One of the gurus of the older child adoption movement, and a person I respect a great deal and whose company I enjoy even more, recently wrote me an email he titled "life is so very interesting." As I reflect upon the first half of this Father's Day, I have to concur.
I've learned over the years not to get my expectations too high when it comes to our children. Before they were ours, they were someone else's, and in most cases had more than one caretaker earlier in life. Those early kinds of disruptions completely change a young child's perception of life and the world, and many times mother's and father's days are difficult for them because it brings up all kinds of unconscious or subconscious feelings about parenthood and their connections to parents in life. And since I have no children by birth I cannot compare what it would be like to father children from the womb. I guess that puts both them and I on a similar footing. We just try to make it one day at a time, and I love them as much as (perhaps more than) I could love a child springing from my loins. I say more because if I were dealing with my own genetic material, I'm not sure I could be so patient watching my own frailties and insecurities repeated for another generation. I think I do better with the mystery piece of the adoptive life, so in that sense it's quite nice.
This morning in worship, however, I received a surprise, the beginning of which took place several months ago. Back in the winter months (either just before or just after Christmas; I can't remember for sure) a young mother and her two daughters began to visit our church. As I do with any newcomer, I took a few seconds at the end of the service to introduce myself, ask a few pertinent questions and provide a warm welcome. Some visitors continue to return, and some visitors move on. As a pastor you never really know which it's going to be, so I've learned to leave some things to God in that process.

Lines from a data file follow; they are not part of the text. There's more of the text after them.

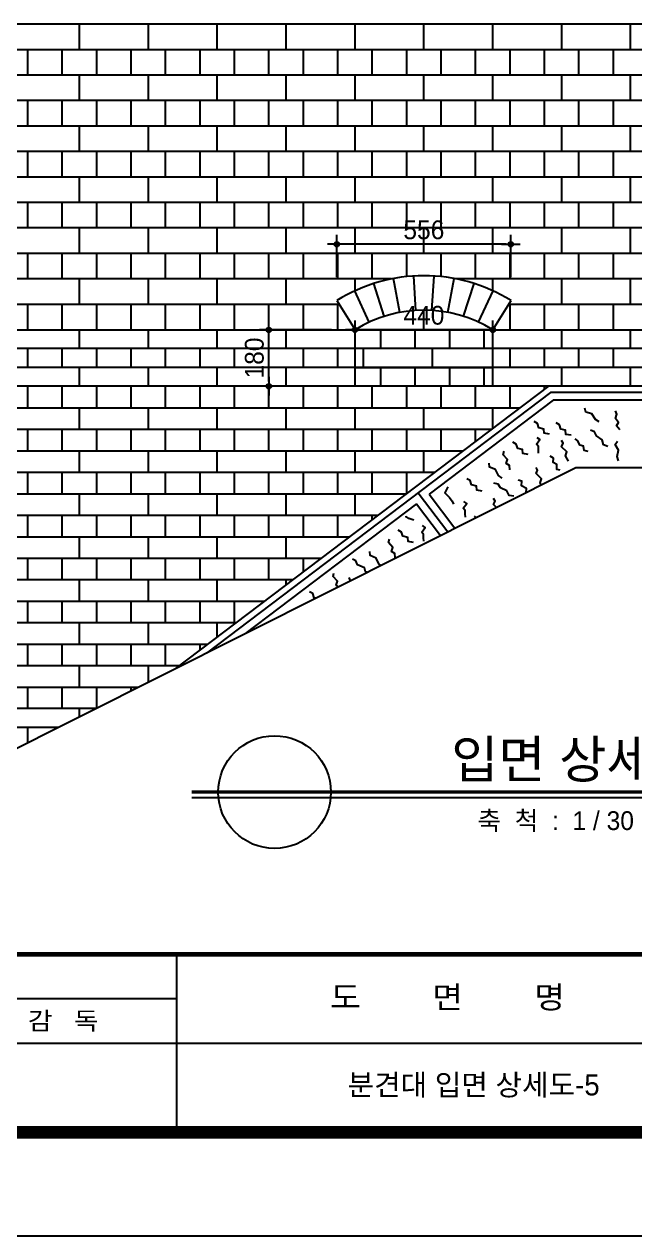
# Model space of a CAD drawing. Extents: x 206170 to 218785, y -171230 to -162320.
# Drawn here: x 214047 to 215996, y -171230 to -167360 of the extents above; entities that cross this region are included whole.
import ezdxf

# ---------------------------------------------------------------- set-up
doc = ezdxf.new("R2010")
doc.units = 0
doc.header["$LTSCALE"] = 50
doc.header["$MEASUREMENT"] = 0
doc.header["$PDMODE"] = 35
doc.header["$PDSIZE"] = -10
doc.layers.get('0').update_dxf_attribs({"linetype": 'CONTINUOUS'})
doc.layers.get('DEFPOINTS').update_dxf_attribs({"linetype": 'CONTINUOUS'})
for name, color, linetype in [('COR', 4, 'CONTINUOUS'), ('DIM', 7, 'CONTINUOUS'), ('ele-3', 6, 'CONTINUOUS'), ('h', 5, 'CONTINUOUS'), ('HAT', 5, 'CONTINUOUS'), ('TEX', 7, 'CONTINUOUS'), ('TEXT', 7, 'CONTINUOUS'), ('W-2', 2, 'CONTINUOUS'), ('WAL', 3, 'CONTINUOUS'), ('WID', 4, 'CONTINUOUS')]:
    doc.layers.add(name, color=color, linetype=linetype)
doc.styles.add('HY울릉도M', font='HYWULM_0.TTF')
doc.styles.add('title', font='HYWULB_0.TTF', dxfattribs={"width": 0.6})
doc.styles.add('현창', font='HYWULM_0.TTF')
doc.dimstyles.new('ISO-25', dxfattribs={"dimscale": 20, "dimtxt": 4, "dimasz": 1, "dimexe": 2, "dimexo": 5, "dimtad": 1, "dimlunit": 6, "dimtxsty": '현창', "dimblk": 'DIMDOT', "dimcen": 2.5, "dimadec": 0, "dimazin": 0, "dimtfac": 1, "dimtmove": 0, "dimatfit": 3, "dimldrblk": 'DIMDOT', "dimfxl": 1, "dimarcsym": 0})

# ---------------------------------------------------------------- blocks, each defined once
blk = doc.blocks.new('20')
at = {"layer": 'COR', "linetype": 'Continuous'}
for p, q in [((282175, -53606), (282175, -57398)), ((282175, -54554), (262847, -54554)), ((308324, -55502), (230424, -55502)), ((308324, -55502), (230424, -55502))]:
    blk.add_line(p, q, dxfattribs=at)
at = {"layer": 'COR', "linetype": 'Continuous', "const_width": 270}
blk.add_lwpolyline([(230424, -2398), (230424, -57398), (308324, -57398), (308324, -2398)], close=True, dxfattribs=at)
at = {"layer": 'COR', "linetype": 'Continuous', "const_width": 94.8}
blk.add_lwpolyline([(308324, -53606), (230424, -53606)], dxfattribs=at)
at = {"layer": 'HAT'}
blk.add_line((226424, -59598), (310524, -59598), dxfattribs=at)
at = {"layer": 'WAL', "linetype": 'Continuous', "style": 'HY울릉도M', "width": 1.1}
for s, height, p in [('도        면        명', 474.35, (285449, -54755)), ('감   독', 379.5, (279013, -55211))]:
    blk.add_text(s, height=height, dxfattribs=at).set_placement(p)
blk = doc.blocks.new('DIMDOT')
at = {"linetype": 'Continuous'}
blk.add_line((-2, 0), (2, 0), dxfattribs=at)
for radius in [0.5, 0.25]:
    blk.add_circle((0, 0), radius, dxfattribs=at)
blk = doc.blocks.new('*D32')
at = {"color": 0, "lineweight": -2}
for p, q in [((215044.8, -168167.6), (215044.8, -168032.6)), ((215600.8, -168167.5), (215600.8, -168032.6)), ((215585.8, -168062.6), (215059.8, -168062.6))]:
    blk.add_line(p, q, dxfattribs=at)
at = {"layer": 'DEFPOINTS', "color": 0}
for p in [(215044.8, -168062.6), (215044.8, -168242.6), (215600.8, -168242.5)]:
    blk.add_point(p, dxfattribs=at)
at = {"color": 0, "lineweight": -2, "xscale": 15, "yscale": 15, "zscale": 15, "rotation": 180}
blk.add_blockref('DIMDOT', (215044.8, -168062.6), dxfattribs=at)
at = {"color": 0, "lineweight": -2, "xscale": 15, "yscale": 15, "zscale": 15}
blk.add_blockref('DIMDOT', (215600.8, -168062.6), dxfattribs=at)
at = {"color": 0, "insert": (215322.8, -168016.8), "char_height": 60, "attachment_point": 5, "style": '현창'}
blk.add_mtext('556', dxfattribs=at)
blk = doc.blocks.new('*D33')
at = {"color": 0, "lineweight": -2}
for p, q in [((215103, -168440.9), (215103, -168305.9)), ((215543, -168440.9), (215543, -168305.9)), ((215528, -168335.9), (215118, -168335.9))]:
    blk.add_line(p, q, dxfattribs=at)
at = {"layer": 'DEFPOINTS', "color": 0}
for p in [(215103, -168335.9), (215103, -168515.9), (215543, -168515.9)]:
    blk.add_point(p, dxfattribs=at)
at = {"color": 0, "lineweight": -2, "xscale": 15, "yscale": 15, "zscale": 15, "rotation": 180}
blk.add_blockref('DIMDOT', (215103, -168335.9), dxfattribs=at)
at = {"color": 0, "lineweight": -2, "xscale": 15, "yscale": 15, "zscale": 15}
blk.add_blockref('DIMDOT', (215543, -168335.9), dxfattribs=at)
at = {"color": 0, "insert": (215323, -168289.7), "char_height": 60, "attachment_point": 5, "style": '현창'}
blk.add_mtext('440', dxfattribs=at)
blk = doc.blocks.new('*D34')
at = {"color": 0, "lineweight": -2}
for p, q in [((215028, -168335.9), (214798, -168335.9)), ((214828, -168500.9), (214828, -168350.9)), ((215028, -168515.9), (214798, -168515.9))]:
    blk.add_line(p, q, dxfattribs=at)
at = {"layer": 'DEFPOINTS', "color": 0}
for p in [(214828, -168335.9), (215103, -168335.9), (215103, -168515.9)]:
    blk.add_point(p, dxfattribs=at)
at = {"color": 0, "lineweight": -2, "xscale": 15, "yscale": 15, "zscale": 15}
for p, rotation in [((214828, -168335.9), 90), ((214828, -168515.9), 270)]:
    blk.add_blockref('DIMDOT', p, dxfattribs=dict(at, rotation=rotation))
at = {"color": 0, "insert": (214781.8, -168425.9), "char_height": 60, "attachment_point": 5, "rotation": 90, "style": '현창'}
blk.add_mtext('180', dxfattribs=at)

msp = doc.modelspace()

# ---------------------------------------------------------------- linework, layer by layer
at = {"layer": 'DIM'}
msp.add_line((214581.694, -169829.607), (216644.805, -169829.607), dxfattribs=at)
msp.add_circle((214846.139, -169812.464), 180, dxfattribs=at)
at = {"layer": 'ele-3'}
for p, q in [((215196.289, -168292.689), (215162.747, -168187.927)), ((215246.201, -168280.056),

This young family continued to worship with us. On one Sunday morning in particular I received a brief note during the service (which is typical in the way we do things), in which she asked us to pray for and her family because they had some obstacles to overcome. After the service, I invited her to visit with me for a few minutes to see how we might be able to help. I discovered that they had a couple of very specific needs: beds and a kitchen table and chairs. Now, I hasten to add, it is not always this way with folks who indicate a need. I've been a pastor long enough now to recognize when I'm being scammed or when the requested item or items are simply beyong the purview of what a faith community can realistically do. But beds and table and chairs seemed pretty do-able. I connected with our congregation's Outreach Team, and within days we were able to provide the beds, table and chairs.
In the weeks to follow Claudia began to visit with her as well, and we have gotten to know her, her story and her children quite well. Because Claudia has already blogged about her, the details I relate are not confidential. While an infant she was placed in her first foster home in the Chicago area, and for the remaining years of her young life she lived in a wide range of situations from foster parents to adult friends to a series of group homes. By the time she was fifteen she was a mother for the first time. In time she and her three young chidlren moved to Minneapolis in hopes of getting a better opportunity in life. In Minneapolis she acquired new friends and a support system, and then realized that she and her kids might do better in a smaller city, which is when she made the move to our fine city of about 55,000. She has a job but no transportation, so she relies on public transportation (which in our relatively small city is not that regular or reliable) to get to work.
The past few months we have seen her and the kids regularly in worship, and in the past few weeks we have begun to feel kind of life her parents (although the chronology wouldn't work out quite correctly, emotionally it seems to fit pretty well). I have felt good knowing that she wants her kids to have a better chance at life than she has had, and that we might have some small part in that.
This morning in worship, however, I was surprised. Realize that I am not normally surprised in worship, because that's my turf, and I'm the one who initiates surprises, if there are going to surprises. I am not typically the receipient. As I heard the surprise announced, I glanced in the congregation and was surprised to see Kim walking toward the lectern. In three minutes she delivered a profound, meaningful and very touching tribute to me.
Who would have thought that would be my Father's Day surprise? To hear how much our family's presence has meant in her life over the past few months and to hear how much respect she has for us and our desire to help the children of our world is meaningful beyond words. We hope that our connections with Kim and her three children will be useful and productive. Already they have blessed our lives (I mean, it's great when someone else's kids address your wife as "Ma'am," and express apprecation for simple acts of kindness), and we trust that we will be able to help them in the years ahead, too. Claudia and I are blessed to have a new "branch" in our family tree, and the congregation will benefit from our relationship as well.
Who would have thought that a simple, "Welcome to Belgrade Avenue United Methodist Church. We're glad you are here," would result in such a touching Father's Day tribute?